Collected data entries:
━━━━━━━━━━━━━━━━
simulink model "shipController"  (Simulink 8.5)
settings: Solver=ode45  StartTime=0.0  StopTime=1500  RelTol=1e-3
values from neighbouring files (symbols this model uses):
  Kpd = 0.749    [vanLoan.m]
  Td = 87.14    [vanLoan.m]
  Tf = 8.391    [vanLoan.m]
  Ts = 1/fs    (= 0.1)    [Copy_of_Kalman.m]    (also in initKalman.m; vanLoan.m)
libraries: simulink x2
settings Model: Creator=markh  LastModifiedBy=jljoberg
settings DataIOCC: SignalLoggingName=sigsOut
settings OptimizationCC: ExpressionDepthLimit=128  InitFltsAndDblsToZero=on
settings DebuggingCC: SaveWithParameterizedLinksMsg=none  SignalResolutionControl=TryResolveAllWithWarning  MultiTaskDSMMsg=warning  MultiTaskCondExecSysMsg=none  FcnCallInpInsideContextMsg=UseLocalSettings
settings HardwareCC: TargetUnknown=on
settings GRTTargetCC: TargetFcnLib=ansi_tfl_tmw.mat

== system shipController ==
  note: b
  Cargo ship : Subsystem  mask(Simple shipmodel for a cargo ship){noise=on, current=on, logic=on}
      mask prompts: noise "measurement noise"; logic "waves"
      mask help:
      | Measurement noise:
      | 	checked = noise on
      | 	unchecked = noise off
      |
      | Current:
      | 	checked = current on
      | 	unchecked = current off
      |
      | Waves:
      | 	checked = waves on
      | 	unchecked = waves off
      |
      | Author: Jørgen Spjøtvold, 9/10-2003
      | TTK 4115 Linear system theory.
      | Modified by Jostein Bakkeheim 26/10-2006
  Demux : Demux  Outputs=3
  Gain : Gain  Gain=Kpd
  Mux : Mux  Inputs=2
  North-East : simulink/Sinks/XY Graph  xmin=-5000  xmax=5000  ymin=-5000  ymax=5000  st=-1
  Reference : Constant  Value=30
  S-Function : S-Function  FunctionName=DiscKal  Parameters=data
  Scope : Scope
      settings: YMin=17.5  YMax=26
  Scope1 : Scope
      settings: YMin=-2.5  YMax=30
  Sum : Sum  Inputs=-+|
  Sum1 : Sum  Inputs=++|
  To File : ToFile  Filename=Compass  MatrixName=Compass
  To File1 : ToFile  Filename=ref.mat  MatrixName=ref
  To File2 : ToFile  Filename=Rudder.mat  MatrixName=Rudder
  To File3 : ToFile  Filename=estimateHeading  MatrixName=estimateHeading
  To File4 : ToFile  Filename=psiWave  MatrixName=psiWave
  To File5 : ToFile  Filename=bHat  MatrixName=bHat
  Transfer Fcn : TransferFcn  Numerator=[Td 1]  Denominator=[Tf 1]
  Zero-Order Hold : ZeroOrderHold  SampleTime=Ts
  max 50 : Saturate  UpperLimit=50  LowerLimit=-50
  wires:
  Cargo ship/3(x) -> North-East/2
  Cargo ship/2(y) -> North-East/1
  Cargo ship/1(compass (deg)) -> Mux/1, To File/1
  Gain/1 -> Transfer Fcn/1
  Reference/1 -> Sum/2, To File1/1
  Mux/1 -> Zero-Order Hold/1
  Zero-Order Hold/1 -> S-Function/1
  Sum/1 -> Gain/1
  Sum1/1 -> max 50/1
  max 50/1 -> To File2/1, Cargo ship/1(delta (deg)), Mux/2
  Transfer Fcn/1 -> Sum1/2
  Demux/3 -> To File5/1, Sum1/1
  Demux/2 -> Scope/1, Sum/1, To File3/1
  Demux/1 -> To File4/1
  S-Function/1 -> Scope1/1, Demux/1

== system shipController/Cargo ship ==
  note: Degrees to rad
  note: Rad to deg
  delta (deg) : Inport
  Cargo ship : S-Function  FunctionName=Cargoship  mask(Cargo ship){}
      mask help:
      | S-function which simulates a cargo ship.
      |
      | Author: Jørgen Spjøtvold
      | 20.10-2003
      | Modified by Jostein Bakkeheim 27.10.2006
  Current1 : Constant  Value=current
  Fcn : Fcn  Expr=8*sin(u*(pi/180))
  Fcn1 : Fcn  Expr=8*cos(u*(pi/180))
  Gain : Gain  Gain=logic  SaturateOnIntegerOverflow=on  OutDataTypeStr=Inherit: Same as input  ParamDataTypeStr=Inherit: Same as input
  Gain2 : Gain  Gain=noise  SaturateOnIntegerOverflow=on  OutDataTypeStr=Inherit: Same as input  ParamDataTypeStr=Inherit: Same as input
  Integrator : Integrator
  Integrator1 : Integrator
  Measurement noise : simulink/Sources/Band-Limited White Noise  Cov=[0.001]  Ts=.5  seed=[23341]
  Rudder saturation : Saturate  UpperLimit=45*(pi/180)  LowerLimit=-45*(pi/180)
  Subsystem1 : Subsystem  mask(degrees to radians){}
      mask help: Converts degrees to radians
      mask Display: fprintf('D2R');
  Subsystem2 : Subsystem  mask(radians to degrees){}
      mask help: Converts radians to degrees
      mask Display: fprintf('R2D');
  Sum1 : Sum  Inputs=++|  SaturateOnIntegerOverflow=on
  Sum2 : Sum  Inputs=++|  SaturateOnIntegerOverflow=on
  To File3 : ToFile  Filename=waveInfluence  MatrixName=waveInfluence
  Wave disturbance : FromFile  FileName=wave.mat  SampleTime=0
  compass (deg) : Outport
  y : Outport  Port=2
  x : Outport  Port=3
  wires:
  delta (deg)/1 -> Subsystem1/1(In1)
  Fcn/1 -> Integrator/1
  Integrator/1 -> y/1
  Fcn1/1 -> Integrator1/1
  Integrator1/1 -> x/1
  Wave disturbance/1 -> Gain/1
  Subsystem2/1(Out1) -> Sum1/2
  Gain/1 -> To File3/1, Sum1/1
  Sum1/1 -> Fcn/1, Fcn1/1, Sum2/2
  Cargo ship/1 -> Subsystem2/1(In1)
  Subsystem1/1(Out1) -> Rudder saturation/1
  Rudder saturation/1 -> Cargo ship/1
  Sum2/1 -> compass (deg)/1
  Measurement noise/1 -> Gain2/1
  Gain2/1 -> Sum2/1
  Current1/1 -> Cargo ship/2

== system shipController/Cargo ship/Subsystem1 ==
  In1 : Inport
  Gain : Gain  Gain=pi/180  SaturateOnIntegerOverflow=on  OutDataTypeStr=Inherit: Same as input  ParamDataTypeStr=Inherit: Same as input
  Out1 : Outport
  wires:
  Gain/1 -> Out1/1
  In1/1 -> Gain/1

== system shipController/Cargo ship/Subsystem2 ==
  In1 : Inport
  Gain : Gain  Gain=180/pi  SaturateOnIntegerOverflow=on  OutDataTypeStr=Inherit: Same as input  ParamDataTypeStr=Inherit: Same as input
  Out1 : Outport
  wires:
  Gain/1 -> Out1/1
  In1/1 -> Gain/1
━━━━━━━━━━━━━━━━
◆ Exercise objective: All the lines above need to be retyped exactly, with nothing left out.

◆ Solution to the exercise:
simulink model "shipController"  (Simulink 8.5)
settings: Solver=ode45  StartTime=0.0  StopTime=1500  RelTol=1e-3
values from neighbouring files (symbols this model uses):
  Kpd = 0.749    [vanLoan.m]
  Td = 87.14    [vanLoan.m]
  Tf = 8.391    [vanLoan.m]
  Ts = 1/fs    (= 0.1)    [Copy_of_Kalman.m]    (also in initKalman.m; vanLoan.m)
libraries: simulink x2
settings Model: Creator=markh  LastModifiedBy=jljoberg
settings DataIOCC: SignalLoggingName=sigsOut
settings OptimizationCC: ExpressionDepthLimit=128  InitFltsAndDblsToZero=on
settings DebuggingCC: SaveWithParameterizedLinksMsg=none  SignalResolutionControl=TryResolveAllWithWarning  MultiTaskDSMMsg=warning  MultiTaskCondExecSysMsg=none  FcnCallInpInsideContextMsg=UseLocalSettings
settings HardwareCC: TargetUnknown=on
settings GRTTargetCC: TargetFcnLib=ansi_tfl_tmw.mat

== system shipController ==
  note: b
  Cargo ship : Subsystem  mask(Simple shipmodel for a cargo ship){noise=on, current=on, logic=on}
      mask prompts: noise "measurement noise"; logic "waves"
      mask help:
      | Measurement noise:
      | 	checked = noise on
      | 	unchecked = noise off
      |
      | Current:
      | 	checked = current on
      | 	unchecked = current off
      |
      | Waves:
      | 	checked = waves on
      | 	unchecked = waves off
      |
      | Author: Jørgen Spjøtvold, 9/10-2003
      | TTK 4115 Linear system theory.
      | Modified by Jostein Bakkeheim 26/10-2006
  Demux : Demux  Outputs=3
  Gain : Gain  Gain=Kpd
  Mux : Mux  Inputs=2
  North-East : simulink/Sinks/XY Graph  xmin=-5000  xmax=5000  ymin=-5000  ymax=5000  st=-1
  Reference : Constant  Value=30
  S-Function : S-Function  FunctionName=DiscKal  Parameters=data
  Scope : Scope
      settings: YMin=17.5  YMax=26
  Scope1 : Scope
      settings: YMin=-2.5  YMax=30
  Sum : Sum  Inputs=-+|
  Sum1 : Sum  Inputs=++|
  To File : ToFile  Filename=Compass  MatrixName=Compass
  To File1 : ToFile  Filename=ref.mat  MatrixName=ref
  To File2 : ToFile  Filename=Rudder.mat  MatrixName=Rudder
  To File3 : ToFile  Filename=estimateHeading  MatrixName=estimateHeading
  To File4 : ToFile  Filename=psiWave  MatrixName=psiWave
  To File5 : ToFile  Filename=bHat  MatrixName=bHat
  Transfer Fcn : TransferFcn  Numerator=[Td 1]  Denominator=[Tf 1]
  Zero-Order Hold : ZeroOrderHold  SampleTime=Ts
  max 50 : Saturate  UpperLimit=50  LowerLimit=-50
  wires:
  Cargo ship/3(x) -> North-East/2
  Cargo ship/2(y) -> North-East/1
  Cargo ship/1(compass (deg)) -> Mux/1, To File/1
  Gain/1 -> Transfer Fcn/1
  Reference/1 -> Sum/2, To File1/1
  Mux/1 -> Zero-Order Hold/1
  Zero-Order Hold/1 -> S-Function/1
  Sum/1 -> Gain/1
  Sum1/1 -> max 50/1
  max 50/1 -> To File2/1, Cargo ship/1(delta (deg)), Mux/2
  Transfer Fcn/1 -> Sum1/2
  Demux/3 -> To File5/1, Sum1/1
  Demux/2 -> Scope/1, Sum/1, To File3/1
  Demux/1 -> To File4/1
  S-Function/1 -> Scope1/1, Demux/1

== system shipController/Cargo ship ==
  note: Degrees to rad
  note: Rad to deg
  delta (deg) : Inport
  Cargo ship : S-Function  FunctionName=Cargoship  mask(Cargo ship){}
      mask help:
      | S-function which simulates a cargo ship.
      |
      | Author: Jørgen Spjøtvold
      | 20.10-2003
      | Modified by Jostein Bakkeheim 27.10.2006
  Current1 : Constant  Value=current
  Fcn : Fcn  Expr=8*sin(u*(pi/180))
  Fcn1 : Fcn  Expr=8*cos(u*(pi/180))
  Gain : Gain  Gain=logic  SaturateOnIntegerOverflow=on  OutDataTypeStr=Inherit: Same as input  ParamDataTypeStr=Inherit: Same as input
  Gain2 : Gain  Gain=noise  SaturateOnIntegerOverflow=on  OutDataTypeStr=Inherit: Same as input  ParamDataTypeStr=Inherit: Same as input
  Integrator : Integrator
  Integrator1 : Integrator
  Measurement noise : simulink/Sources/Band-Limited White Noise  Cov=[0.001]  Ts=.5  seed=[23341]
  Rudder saturation : Saturate  UpperLimit=45*(pi/180)  LowerLimit=-45*(pi/180)
  Subsystem1 : Subsystem  mask(degrees to radians){}
      mask help: Converts degrees to radians
      mask Display: fprintf('D2R');
  Subsystem2 : Subsystem  mask(radians to degrees){}
      mask help: Converts radians to degrees
      mask Display: fprintf('R2D');
  Sum1 : Sum  Inputs=++|  SaturateOnIntegerOverflow=on
  Sum2 : Sum  Inputs=++|  SaturateOnIntegerOverflow=on
  To File3 : ToFile  Filename=waveInfluence  MatrixName=waveInfluence
  Wave disturbance : FromFile  FileName=wave.mat  SampleTime=0
  compass (deg) : Outport
  y : Outport  Port=2
  x : Outport  Port=3
  wires:
  delta (deg)/1 -> Subsystem1/1(In1)
  Fcn/1 -> Integrator/1
  Integrator/1 -> y/1
  Fcn1/1 -> Integrator1/1
  Integrator1/1 -> x/1
  Wave disturbance/1 -> Gain/1
  Subsystem2/1(Out1) -> Sum1/2
  Gain/1 -> To File3/1, Sum1/1
  Sum1/1 -> Fcn/1, Fcn1/1, Sum2/2
  Cargo ship/1 -> Subsystem2/1(In1)
  Subsystem1/1(Out1) -> Rudder saturation/1
  Rudder saturation/1 -> Cargo ship/1
  Sum2/1 -> compass (deg)/1
  Measurement noise/1 -> Gain2/1
  Gain2/1 -> Sum2/1
  Current1/1 -> Cargo ship/2

== system shipController/Cargo ship/Subsystem1 ==
  In1 : Inport
  Gain : Gain  Gain=pi/180  SaturateOnIntegerOverflow=on  OutDataTypeStr=Inherit: Same as input  ParamDataTypeStr=Inherit: Same as input
  Out1 : Outport
  wires:
  Gain/1 -> Out1/1
  In1/1 -> Gain/1

== system shipController/Cargo ship/Subsystem2 ==
  In1 : Inport
  Gain : Gain  Gain=180/pi  SaturateOnIntegerOverflow=on  OutDataTypeStr=Inherit: Same as input  ParamDataTypeStr=Inherit: Same as input
  Out1 : Outport
  wires:
  Gain/1 -> Out1/1
  In1/1 -> Gain/1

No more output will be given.